Единственной, кто действительно им помог, была протеже «Новостей» Мег Хиндлер. Она оказалась огромной, добродушной женщиной с громким голосом, которая раздавала оплеухи своим многочисленным отпрыскам одной рукой и ласкала другой. Она еще не избавилась от синдрома по отношению к Нелл Козенс, но в те короткие минуты, когда ее удавалось отвлечь от этой темы, успевала сообщить много интересного. Мег запомнила семью Готобед не потому, что она была чем-то примечательна, а потому, что жила с ними на одной лестничной площадке и работала на той же фабрике, что и Крис. Часто они возвращались домой вместе. Она хорошо ладила с Крис Готобед, хотя и не одобряла ее за то, что та задирала нос. Если ты должен зарабатывать себе на хлеб, работая на фабрике, так и работай без фокусов. Не то чтобы Крис фокусничала, нет, но она так брезгливо отряхивалась и чистилась, когда заканчивала работу, будто занималась чем-то позорным.

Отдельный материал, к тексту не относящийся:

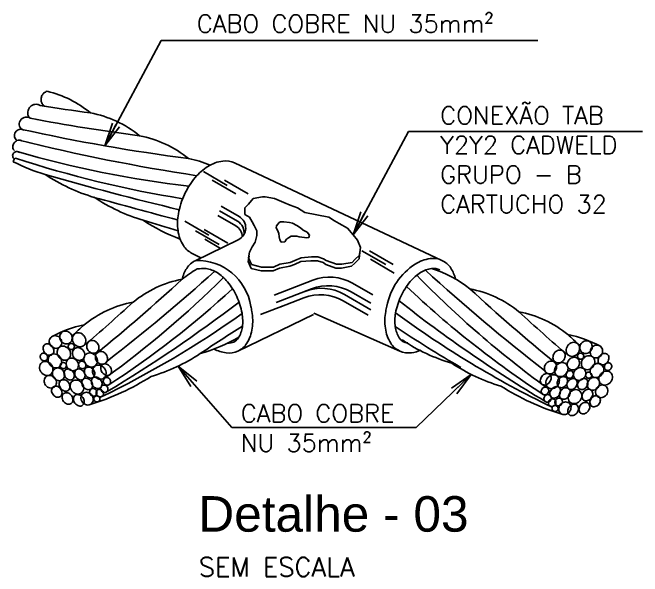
# Model space of a CAD drawing. Header units: millimetres. Extents: x 0 to 114, y 0 to 82.
# Drawn here: x 90.006 to 94.795, y 21.171 to 25.457 of the extents above; entities that cross this region are included whole.
import ezdxf

# ---------------------------------------------------------------- set-up
doc = ezdxf.new("R2010")
doc.units = ezdxf.units.MM
for name, color, linetype in [('AUXI-1', 1, 'Continuous'), ('AUXI-2', 2, 'Continuous'), ('ELT-NORMO', 2, 'Continuous'), ('LEGENDA', 2, 'Continuous'), ('NORMO-DET', 2, 'Continuous')]:
    doc.layers.add(name, color=color, linetype=linetype)
doc.styles.add('140-50', font='arial.ttf', dxfattribs={"height": 0.3})
doc.styles.add('60-100', font='romans.shx', dxfattribs={"height": 0.16})
doc.styles.add('60-50', font='romans.shx', dxfattribs={"height": 0.08})
doc.dimstyles.new('SETAS75', dxfattribs={"dimtxt": 0.16, "dimasz": 0.15, "dimexe": 0.15, "dimexo": 0, "dimgap": 0.1, "dimtad": 1, "dimzin": 10, "dimdsep": 46, "dimtxsty": '60-100', "dimblk1": 'OPEN', "dimblk2": 'OPEN', "dimsah": 1, "dimcen": 0, "dimclrd": 8, "dimclre": 8, "dimclrt": 7, "dimadec": 0, "dimazin": 0, "dimtfac": 1, "dimtix": 1, "dimtmove": 2, "dimatfit": 3, "dimldrblk": 'OPEN', "dimfxl": 0.15, "dimtolj": 1, "dimtzin": 6, "dimarcsym": 0})

# ---------------------------------------------------------------- blocks, each defined once
blk = doc.blocks.new('_OPEN')
at = {"color": 0, "linetype": 'ByBlock'}
for p, q in [((-1, 0.167), (0, 0)), ((0, 0), (-1, -0.167)), ((0, 0), (-1, 0))]:
    blk.add_line(p, q, dxfattribs=at)
blk = doc.blocks.new('A$C6C663B85')
at = {"layer": 'AUXI-1', "color": 252}
for points in [[(-0.9751, 2.6945, -0.096725), (-0.9893, 2.7108, -0.097742), (-0.9962, 2.7309, -0.099216), (-0.9949, 2.7522, -0.100283), (-0.9855, 2.771, -0.100283), (-0.9696, 2.7848, -0.061382), (-0.9573, 2.7898, -0.097742)], [(-1.0647, 2.6183, -0.108346), (-1.076, 2.6319, -0.102042), (-1.0811, 2.6499, -0.094232), (-1.079, 2.6688, -0.089366), (-1.0697, 2.6866, -0.089366), (-1.0548, 2.7, -0.094232), (-1.037, 2.7068, -0.102042), (-1.0183, 2.7064, -0.108346), (-1.0023, 2.6988, -0.108346)], [(-1.1192, 2.5481, -0.104382), (-1.1297, 2.5604, -0.100739), (-1.1345, 2.5764, -0.095982), (-1.1329, 2.5932, -0.09287), (-1.1249, 2.6088, -0.09287), (-1.1119, 2.6203, -0.095982), (-1.096, 2.6261, -0.100739), (-1.0793, 2.6254, -0.104382), (-1.0647, 2.6183, -0.104382)], [(-1.148, 2.4774, -0.103042), (-1.1584, 2.4874, -0.100261), (-1.1643, 2.5009, -0.096564), (-1.1644, 2.5158, -0.094103), (-1.1589, 2.5301, -0.094103), (-1.1486, 2.5413, -0.096564), (-1.1352, 2.5477, -0.100261), (-1.1204, 2.5486, -0.103042), (-1.1069, 2.5436, -0.103042)], [(-1.1251, 2.5537, -0.057478), (-1.1188, 2.5487, -0.100261)], [(-1.1655, 2.4137, -0.118585), (-1.1729, 2.423, -0.104671), (-1.176, 2.4361, -0.089579), (-1.1738, 2.4498, -0.081212), (-1.1665, 2.4632, -0.081212), (-1.1554, 2.4736, -0.089579), (-1.1427, 2.4791, -0.104671), (-1.1292, 2.4794, -0.118585), (-1.1184, 2.4745, -0.118585)], [(-1.1657, 2.3597, -0.094202), (-1.1729, 2.3679, -0.09661), (-1.1765, 2.3779, -0.100222), (-1.176, 2.3885, -0.102935), (-1.1714, 2.3978, -0.102935), (-1.1636, 2.4045, -0.100222), (-1.1534, 2.4076, -0.09661), (-1.1428, 2.4067, -0.094202), (-1.1331, 2.4017, -0.094202)]]:
    blk.add_lwpolyline(points, format="xyb", dxfattribs=at)
for points in [[(-0.9301, 1.235, 0.106529), (-0.9398, 1.2239, 0.101465), (-0.9444, 1.2091, 0.095039), (-0.943, 1.1934, 0.090946), (-0.9357, 1.1788, 0.090946), (-0.9237, 1.1676, 0.095039), (-0.9091, 1.1619, 0.101465), (-0.8936, 1.1621, 0.106529), (-0.8801, 1.1683, 0.106529), (-0.8704, 1.1795, 0.101465), (-0.8658, 1.1943, 0.095039), (-0.8673, 1.2099, 0.090946), (-0.8746, 1.2246, 0.090946), (-0.8866, 1.2357, 0.095039), (-0.9012, 1.2415, 0.101465), (-0.9167, 1.2412, 0.106529)], [(-0.8642, 1.2633, 0.106529), (-0.8739, 1.2521, 0.101465), (-0.8785, 1.2373, 0.095039), (-0.877, 1.2217, 0.090946), (-0.8697, 1.207, 0.090946), (-0.8577, 1.1959, 0.095039), (-0.8431, 1.1901, 0.101465), (-0.8276, 1.1904, 0.106529), (-0.8142, 1.1966, 0.106529), (-0.8045, 1.2077, 0.101465), (-0.7999, 1.2225, 0.095039), (-0.8013, 1.2382, 0.090946), (-0.8086, 1.2528, 0.090946), (-0.8206, 1.264, 0.095039), (-0.8352, 1.2697, 0.101465), (-0.8507, 1.2695, 0.106529)], [(-0.784, 1.2531, 0.112931), (-0.794, 1.2413, 0.103347), (-0.7985, 1.225, 0.092165), (-0.7965, 1.208, 0.085565), (-0.7881, 1.1915, 0.085565), (-0.7746, 1.1788, 0.092165), (-0.7588, 1.172, 0.103347), (-0.742, 1.1718, 0.112931), (-0.7279, 1.1781, 0.112931), (-0.7179, 1.1899, 0.103347), (-0.7133, 1.2061, 0.092165), (-0.7154, 1.2232, 0.085565), (-0.7238, 1.2397, 0.085565), (-0.7372, 1.2524, 0.092165), (-0.7531, 1.2591, 0.103347), (-0.7699, 1.2593, 0.112931)], [(-0.6939, 1.2045, 0.110801), (-0.7032, 1.1936, 0.102767), (-0.7075, 1.1789, 0.09313), (-0.7058, 1.1633, 0.087299), (-0.6982, 1.1484, 0.087299), (-0.6861, 1.137, 0.09313), (-0.6716, 1.131, 0.102767), (-0.6563, 1.131, 0.110801), (-0.6433, 1.1368, 0.110801), (-0.634, 1.1477, 0.102767), (-0.6297, 1.1625, 0.09313), (-0.6314, 1.178, 0.087299), (-0.639, 1.1929, 0.087299), (-0.6511, 1.2043, 0.09313), (-0.6656, 1.2103, 0.102767), (-0.6809, 1.2103, 0.110801)], [(2.4013, 1.1923, -0.112931), (2.4113, 1.1805, -0.103347), (2.4158, 1.1643, -0.092165), (2.4138, 1.1472, -0.085565), (2.4054, 1.1307, -0.085565), (2.3919, 1.118, -0.092165), (2.3761, 1.1113, -0.103347), (2.3592, 1.1111, -0.112931), (2.3451, 1.1174, -0.112931), (2.3351, 1.1291, -0.103347), (2.3306, 1.1454, -0.092165), (2.3326, 1.1625, -0.085565), (2.3411, 1.1789, -0.085565), (2.3545, 1.1916, -0.092165), (2.3703, 1.1984, -0.103347), (2.3872, 1.1986, -0.112931)], [(2.4814, 1.2025, -0.106529), (2.4911, 1.1914, -0.101465), (2.4957, 1.1766, -0.095039), (2.4943, 1.1609, -0.090946), (2.487, 1.1463, -0.090946), (2.475, 1.1351, -0.095039), (2.4604, 1.1294, -0.101465), (2.4449, 1.1296, -0.106529), (2.4314, 1.1358, -0.106529), (2.4217, 1.147, -0.101465), (2.4171, 1.1618, -0.095039), (2.4186, 1.1774, -0.090946), (2.4259, 1.1921, -0.090946), (2.4379, 1.2032, -0.095039), (2.4525, 1.209, -0.101465), (2.468, 1.2087, -0.106529)], [(-0.9733, 1.1852, 0.122187), (-0.9807, 1.176, 0.105357), (-0.9838, 1.1628, 0.08792), (-0.9817, 1.1489, 0.078612), (-0.9744, 1.135, 0.078612), (-0.9631, 1.1241, 0.08792), (-0.9504, 1.1181, 0.105357), (-0.9368, 1.1174, 0.122187), (-0.926, 1.122, 0.122187), (-0.9185, 1.1311, 0.105357), (-0.9154, 1.1443, 0.08792), (-0.9175, 1.1582, 0.078612), (-0.9248, 1.1721, 0.078612), (-0.9361, 1.183, 0.08792), (-0.9488, 1.189, 0.105357), (-0.9624, 1.1897, 0.122187)], [(-0.8801, 1.1683, 0.112931), (-0.8901, 1.1565, 0.103347), (-0.8946, 1.1403, 0.092165), (-0.8926, 1.1232, 0.085565), (-0.8842, 1.1067, 0.085565), (-0.8708, 1.094, 0.092165), (-0.8549, 1.0873, 0.103347), (-0.8381, 1.0871, 0.112931), (-0.824, 1.0934, 0.112931), (-0.814, 1.1051, 0.103347), (-0.8095, 1.1214, 0.092165), (-0.8115, 1.1384, 0.085565), (-0.8199, 1.1549, 0.085565), (-0.8333, 1.1676, 0.092165), (-0.8492, 1.1744, 0.103347), (-0.866, 1.1746, 0.112931)], [(-0.8167, 1.1882, 0.09978), (-0.8217, 1.1825, 0.099016), (-0.8242, 1.1754, 0.097954), (-0.8238, 1.1678, 0.097216), (-0.8204, 1.1608, 0.097216), (-0.8147, 1.1557, 0.097954), (-0.8076, 1.1531, 0.099016), (-0.8, 1.1535, 0.09978), (-0.7932, 1.1567, 0.09978), (-0.7881, 1.1624, 0.099016), (-0.7856, 1.1695, 0.097954), (-0.7861, 1.1772, 0.097216), (-0.7894, 1.1841, 0.097216), (-0.7951, 1.1892, 0.097954), (-0.8023, 1.1918, 0.099016), (-0.8099, 1.1914, 0.09978)], [(-0.7844, 1.1593, 0.110801), (-0.7937, 1.1484, 0.102767), (-0.7979, 1.1337, 0.09313), (-0.7962, 1.1181, 0.087299), (-0.7887, 1.1032, 0.087299), (-0.7765, 1.0918, 0.09313), (-0.7621, 1.0858, 0.102767), (-0.7467, 1.0858, 0.110801), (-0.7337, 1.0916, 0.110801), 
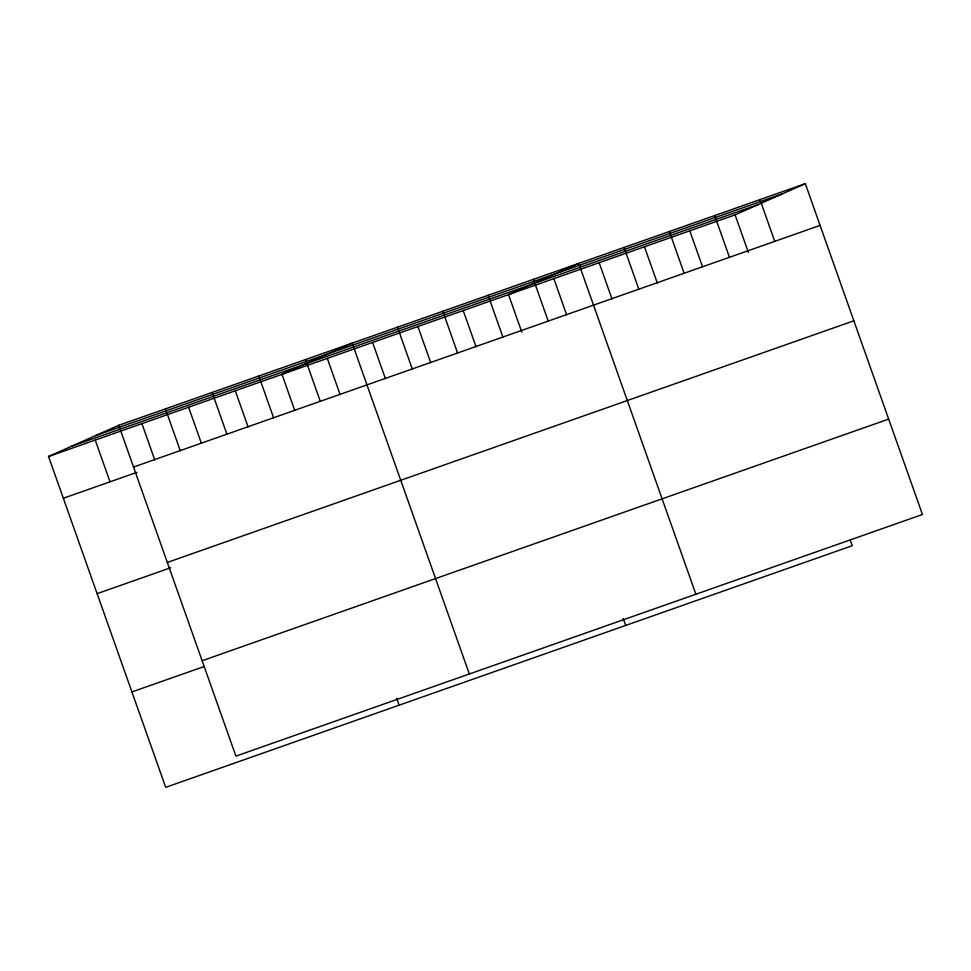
<?xml version="1.0" encoding="UTF-8"?>
<svg xmlns="http://www.w3.org/2000/svg" width="971" height="971" viewBox="0 0 971 971"><rect width="100%" height="100%" fill="white"/><g stroke="black" fill="none" stroke-linecap="round" stroke-linejoin="round"><path stroke-width="1.46" d="M850.256 540.082L852.247 545.702L165.701 787.335L48.55 456.504L118.753 425.298L805.299 183.665L922.45 514.496L235.917 756.13L118.753 425.298M48.55 456.504L735.083 214.87L805.299 183.665M95.595 435.603L782.128 193.957M71.72 446.211L758.254 204.565M133.537 467.039L820.082 225.406M63.333 498.244L136.899 472.355M167.328 562.44L853.861 320.806M97.112 593.645L170.678 567.756M202.126 660.741L888.671 419.096M131.922 691.935L204.068 666.543M759.99 199.613L774.761 241.354M735.083 214.87L748.386 252.436M714.668 215.562L729.452 257.303M689.774 230.807L702.591 266.989M669.359 231.511L684.142 273.252M644.465 246.755L657.27 282.937M624.05 247.459L638.833 289.2M599.156 262.704L611.961 298.886M695.891 594.24L578.74 263.408L508.525 294.601L521.828 332.179M553.846 278.653L566.651 314.835M533.431 279.357L548.214 321.098M623.2 618.43L625.688 625.445M488.11 295.293L502.893 337.046M463.216 310.55L476.033 346.732M442.8 311.242L457.584 352.995M417.906 326.499L430.723 362.681M397.491 327.191L412.274 368.944M372.597 342.447L385.402 378.629M469.333 673.983L352.182 343.139L281.966 374.345L294.783 410.527M327.288 358.396L340.093 394.578M305.501 359.573L320.284 401.314M396.641 698.161L399.13 705.177M258.808 376.008L273.591 417.748M235.285 390.779L248.103 426.961M212.127 392.442L226.911 434.183M188.605 407.213L201.41 443.383M165.446 408.864L180.23 450.617M141.924 423.635L154.729 459.817M95.231 440.069L110.014 481.81"/></g></svg>

И всегда носила шляпку, что уж совсем ни к чему на фабрике. Она обожала мать, но та признавала только своего ненаглядного Герберта. Этот Герберт был паршивец, другого слова не подберешь! Скользкий, лживый, подлый, самовлюбленный тип, каких мало. Но миссис Готобед души в нем не чаяла и считала красавчиком. И он всегда притеснял Крис. Как-то Крис упросила мать разрешить ей брать уроки танцев, хотя к чему ей эти уроки, Мег ума приложить не могла: смотри, как другие скачут, глядишь, и сама научишься, а дальше — дело практики. Так вот, Герберт, как только прослышал, сразу положил этому конец. Им это не по карману, сказал он, — им все было не по карману, кроме того, чего хотелось самому Герберту, — и, кроме того, танцы — вещь легкомысленная и не может быть угодна Господу. Герберт всегда точно знал, что Господу угодно, а что нет. Он не только положил конец ее занятиям танцами, он еще умудрился выудить у Крис деньги, которые она откладывала, чтобы добавить к той сумме, что выделит мать. Он стал говорить, как эгоистично со стороны Крис копить на себя деньги, когда у матери такое слабое здоровье. И он так упорно твердил про ее слабое здоровье, что матери и вправду стало хуже и она слегла. А Герберт при этом съедал все лучшее, что Крис для нее покупала. А потом Герберт поехал с матерью на отдых в Скечнесс, потому что Крис не могла бросить работу, а это был как раз один из многочисленных периодов, когда Герберт потерял место.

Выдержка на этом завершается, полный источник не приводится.